**Work to complete:** Give back exactly the lines of the material below that start at the line containing "#25=DIRECTION('',(0.,-1.,0.));" and end at the line containing "#84=EDGE_LOOP('',(#83));", and no others.

--------------------------------------------------

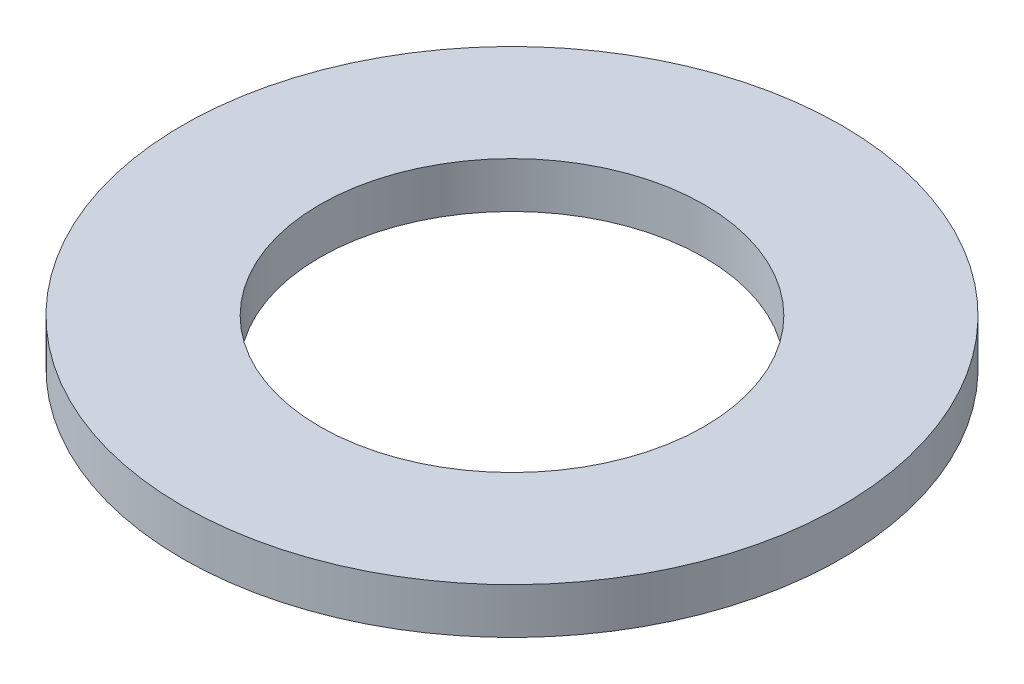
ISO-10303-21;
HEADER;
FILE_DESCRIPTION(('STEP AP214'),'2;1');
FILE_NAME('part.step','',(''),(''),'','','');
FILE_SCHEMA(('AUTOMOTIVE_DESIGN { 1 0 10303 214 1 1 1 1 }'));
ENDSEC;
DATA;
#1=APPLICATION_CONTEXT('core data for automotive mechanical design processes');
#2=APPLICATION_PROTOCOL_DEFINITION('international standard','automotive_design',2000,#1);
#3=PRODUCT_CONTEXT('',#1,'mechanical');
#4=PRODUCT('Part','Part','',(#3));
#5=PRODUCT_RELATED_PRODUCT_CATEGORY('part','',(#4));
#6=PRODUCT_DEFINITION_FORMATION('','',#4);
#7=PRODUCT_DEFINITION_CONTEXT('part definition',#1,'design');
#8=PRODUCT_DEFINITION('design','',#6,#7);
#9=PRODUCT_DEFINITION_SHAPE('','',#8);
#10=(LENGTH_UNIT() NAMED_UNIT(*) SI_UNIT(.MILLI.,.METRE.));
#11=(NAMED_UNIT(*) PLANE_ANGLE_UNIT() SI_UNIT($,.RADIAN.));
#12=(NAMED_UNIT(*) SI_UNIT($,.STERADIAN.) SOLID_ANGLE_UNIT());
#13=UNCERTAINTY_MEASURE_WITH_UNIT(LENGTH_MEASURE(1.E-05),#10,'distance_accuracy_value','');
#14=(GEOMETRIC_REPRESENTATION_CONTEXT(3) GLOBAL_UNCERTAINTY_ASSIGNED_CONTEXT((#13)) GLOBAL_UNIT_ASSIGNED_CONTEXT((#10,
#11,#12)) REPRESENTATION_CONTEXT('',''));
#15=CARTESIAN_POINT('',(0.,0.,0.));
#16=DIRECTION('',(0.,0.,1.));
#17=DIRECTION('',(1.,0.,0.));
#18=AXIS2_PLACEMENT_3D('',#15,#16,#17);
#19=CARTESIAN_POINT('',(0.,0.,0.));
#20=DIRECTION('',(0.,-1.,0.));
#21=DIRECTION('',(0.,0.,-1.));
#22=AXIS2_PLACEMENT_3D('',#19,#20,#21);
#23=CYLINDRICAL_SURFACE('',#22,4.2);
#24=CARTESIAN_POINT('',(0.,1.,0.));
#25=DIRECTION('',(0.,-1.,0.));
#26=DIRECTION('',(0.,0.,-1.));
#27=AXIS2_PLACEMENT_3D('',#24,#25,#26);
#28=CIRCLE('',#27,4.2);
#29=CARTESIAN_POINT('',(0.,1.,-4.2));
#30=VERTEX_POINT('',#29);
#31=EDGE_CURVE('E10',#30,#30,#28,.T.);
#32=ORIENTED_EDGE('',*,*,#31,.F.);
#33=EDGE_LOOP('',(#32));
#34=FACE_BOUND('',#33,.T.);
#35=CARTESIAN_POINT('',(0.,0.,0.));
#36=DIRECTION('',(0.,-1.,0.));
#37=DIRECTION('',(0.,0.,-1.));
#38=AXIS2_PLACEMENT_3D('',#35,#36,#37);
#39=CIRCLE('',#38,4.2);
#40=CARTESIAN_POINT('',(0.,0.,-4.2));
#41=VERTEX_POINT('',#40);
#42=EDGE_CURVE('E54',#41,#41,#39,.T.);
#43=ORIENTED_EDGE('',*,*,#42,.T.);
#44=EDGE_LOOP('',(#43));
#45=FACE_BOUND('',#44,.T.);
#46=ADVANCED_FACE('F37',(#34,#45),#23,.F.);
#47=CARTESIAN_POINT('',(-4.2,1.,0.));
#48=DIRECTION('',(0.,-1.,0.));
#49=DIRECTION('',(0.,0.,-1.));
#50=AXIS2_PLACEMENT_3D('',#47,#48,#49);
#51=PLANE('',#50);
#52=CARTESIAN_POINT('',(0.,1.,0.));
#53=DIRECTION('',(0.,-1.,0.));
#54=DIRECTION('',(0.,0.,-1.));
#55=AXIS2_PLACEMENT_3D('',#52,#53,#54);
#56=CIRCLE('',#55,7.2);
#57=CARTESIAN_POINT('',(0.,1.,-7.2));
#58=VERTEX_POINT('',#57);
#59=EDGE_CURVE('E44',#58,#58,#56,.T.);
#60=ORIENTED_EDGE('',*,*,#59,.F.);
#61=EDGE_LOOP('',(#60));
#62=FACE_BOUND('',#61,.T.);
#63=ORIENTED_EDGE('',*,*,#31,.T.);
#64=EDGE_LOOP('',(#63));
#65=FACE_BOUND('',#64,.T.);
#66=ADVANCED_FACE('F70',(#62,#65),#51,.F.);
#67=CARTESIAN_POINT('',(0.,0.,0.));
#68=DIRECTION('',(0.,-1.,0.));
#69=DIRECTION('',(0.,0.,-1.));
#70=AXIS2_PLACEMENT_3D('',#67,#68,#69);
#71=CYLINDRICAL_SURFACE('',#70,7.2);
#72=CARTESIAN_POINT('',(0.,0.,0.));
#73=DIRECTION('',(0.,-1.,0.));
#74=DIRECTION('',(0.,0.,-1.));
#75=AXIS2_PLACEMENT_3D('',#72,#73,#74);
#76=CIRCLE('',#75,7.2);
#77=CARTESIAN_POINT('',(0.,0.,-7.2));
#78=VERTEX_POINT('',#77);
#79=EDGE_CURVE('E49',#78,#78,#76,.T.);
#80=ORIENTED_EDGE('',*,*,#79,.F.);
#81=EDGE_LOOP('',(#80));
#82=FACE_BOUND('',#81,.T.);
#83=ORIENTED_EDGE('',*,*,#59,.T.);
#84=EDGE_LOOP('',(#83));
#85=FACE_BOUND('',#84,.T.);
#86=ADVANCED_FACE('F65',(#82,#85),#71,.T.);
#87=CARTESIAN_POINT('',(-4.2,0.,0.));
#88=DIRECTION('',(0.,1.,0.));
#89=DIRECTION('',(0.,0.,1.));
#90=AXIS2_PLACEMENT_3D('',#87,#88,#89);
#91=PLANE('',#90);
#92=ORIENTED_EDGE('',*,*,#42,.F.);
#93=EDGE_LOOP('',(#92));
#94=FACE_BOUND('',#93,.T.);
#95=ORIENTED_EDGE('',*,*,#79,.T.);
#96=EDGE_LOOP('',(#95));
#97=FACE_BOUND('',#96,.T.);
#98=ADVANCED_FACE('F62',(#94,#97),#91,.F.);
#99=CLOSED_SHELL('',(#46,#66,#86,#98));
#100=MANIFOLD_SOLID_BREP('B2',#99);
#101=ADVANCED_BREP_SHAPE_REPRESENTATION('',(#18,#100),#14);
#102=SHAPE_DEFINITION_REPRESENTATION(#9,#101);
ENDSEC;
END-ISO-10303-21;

--------------------------------------------------

**Answer space:**
#25=DIRECTION('',(0.,-1.,0.));
#26=DIRECTION('',(0.,0.,-1.));
#27=AXIS2_PLACEMENT_3D('',#24,#25,#26);
#28=CIRCLE('',#27,4.2);
#29=CARTESIAN_POINT('',(0.,1.,-4.2));
#30=VERTEX_POINT('',#29);
#31=EDGE_CURVE('E10',#30,#30,#28,.T.);
#32=ORIENTED_EDGE('',*,*,#31,.F.);
#33=EDGE_LOOP('',(#32));
#34=FACE_BOUND('',#33,.T.);
#35=CARTESIAN_POINT('',(0.,0.,0.));
#36=DIRECTION('',(0.,-1.,0.));
#37=DIRECTION('',(0.,0.,-1.));
#38=AXIS2_PLACEMENT_3D('',#35,#36,#37);
#39=CIRCLE('',#38,4.2);
#40=CARTESIAN_POINT('',(0.,0.,-4.2));
#41=VERTEX_POINT('',#40);
#42=EDGE_CURVE('E54',#41,#41,#39,.T.);
#43=ORIENTED_EDGE('',*,*,#42,.T.);
#44=EDGE_LOOP('',(#43));
#45=FACE_BOUND('',#44,.T.);
#46=ADVANCED_FACE('F37',(#34,#45),#23,.F.);
#47=CARTESIAN_POINT('',(-4.2,1.,0.));
#48=DIRECTION('',(0.,-1.,0.));
#49=DIRECTION('',(0.,0.,-1.));
#50=AXIS2_PLACEMENT_3D('',#47,#48,#49);
#51=PLANE('',#50);
#52=CARTESIAN_POINT('',(0.,1.,0.));
#53=DIRECTION('',(0.,-1.,0.));
#54=DIRECTION('',(0.,0.,-1.));
#55=AXIS2_PLACEMENT_3D('',#52,#53,#54);
#56=CIRCLE('',#55,7.2);
#57=CARTESIAN_POINT('',(0.,1.,-7.2));
#58=VERTEX_POINT('',#57);
#59=EDGE_CURVE('E44',#58,#58,#56,.T.);
#60=ORIENTED_EDGE('',*,*,#59,.F.);
#61=EDGE_LOOP('',(#60));
#62=FACE_BOUND('',#61,.T.);
#63=ORIENTED_EDGE('',*,*,#31,.T.);
#64=EDGE_LOOP('',(#63));
#65=FACE_BOUND('',#64,.T.);
#66=ADVANCED_FACE('F70',(#62,#65),#51,.F.);
#67=CARTESIAN_POINT('',(0.,0.,0.));
#68=DIRECTION('',(0.,-1.,0.));
#69=DIRECTION('',(0.,0.,-1.));
#70=AXIS2_PLACEMENT_3D('',#67,#68,#69);
#71=CYLINDRICAL_SURFACE('',#70,7.2);
#72=CARTESIAN_POINT('',(0.,0.,0.));
#73=DIRECTION('',(0.,-1.,0.));
#74=DIRECTION('',(0.,0.,-1.));
#75=AXIS2_PLACEMENT_3D('',#72,#73,#74);
#76=CIRCLE('',#75,7.2);
#77=CARTESIAN_POINT('',(0.,0.,-7.2));
#78=VERTEX_POINT('',#77);
#79=EDGE_CURVE('E49',#78,#78,#76,.T.);
#80=ORIENTED_EDGE('',*,*,#79,.F.);
#81=EDGE_LOOP('',(#80));
#82=FACE_BOUND('',#81,.T.);
#83=ORIENTED_EDGE('',*,*,#59,.T.);
#84=EDGE_LOOP('',(#83));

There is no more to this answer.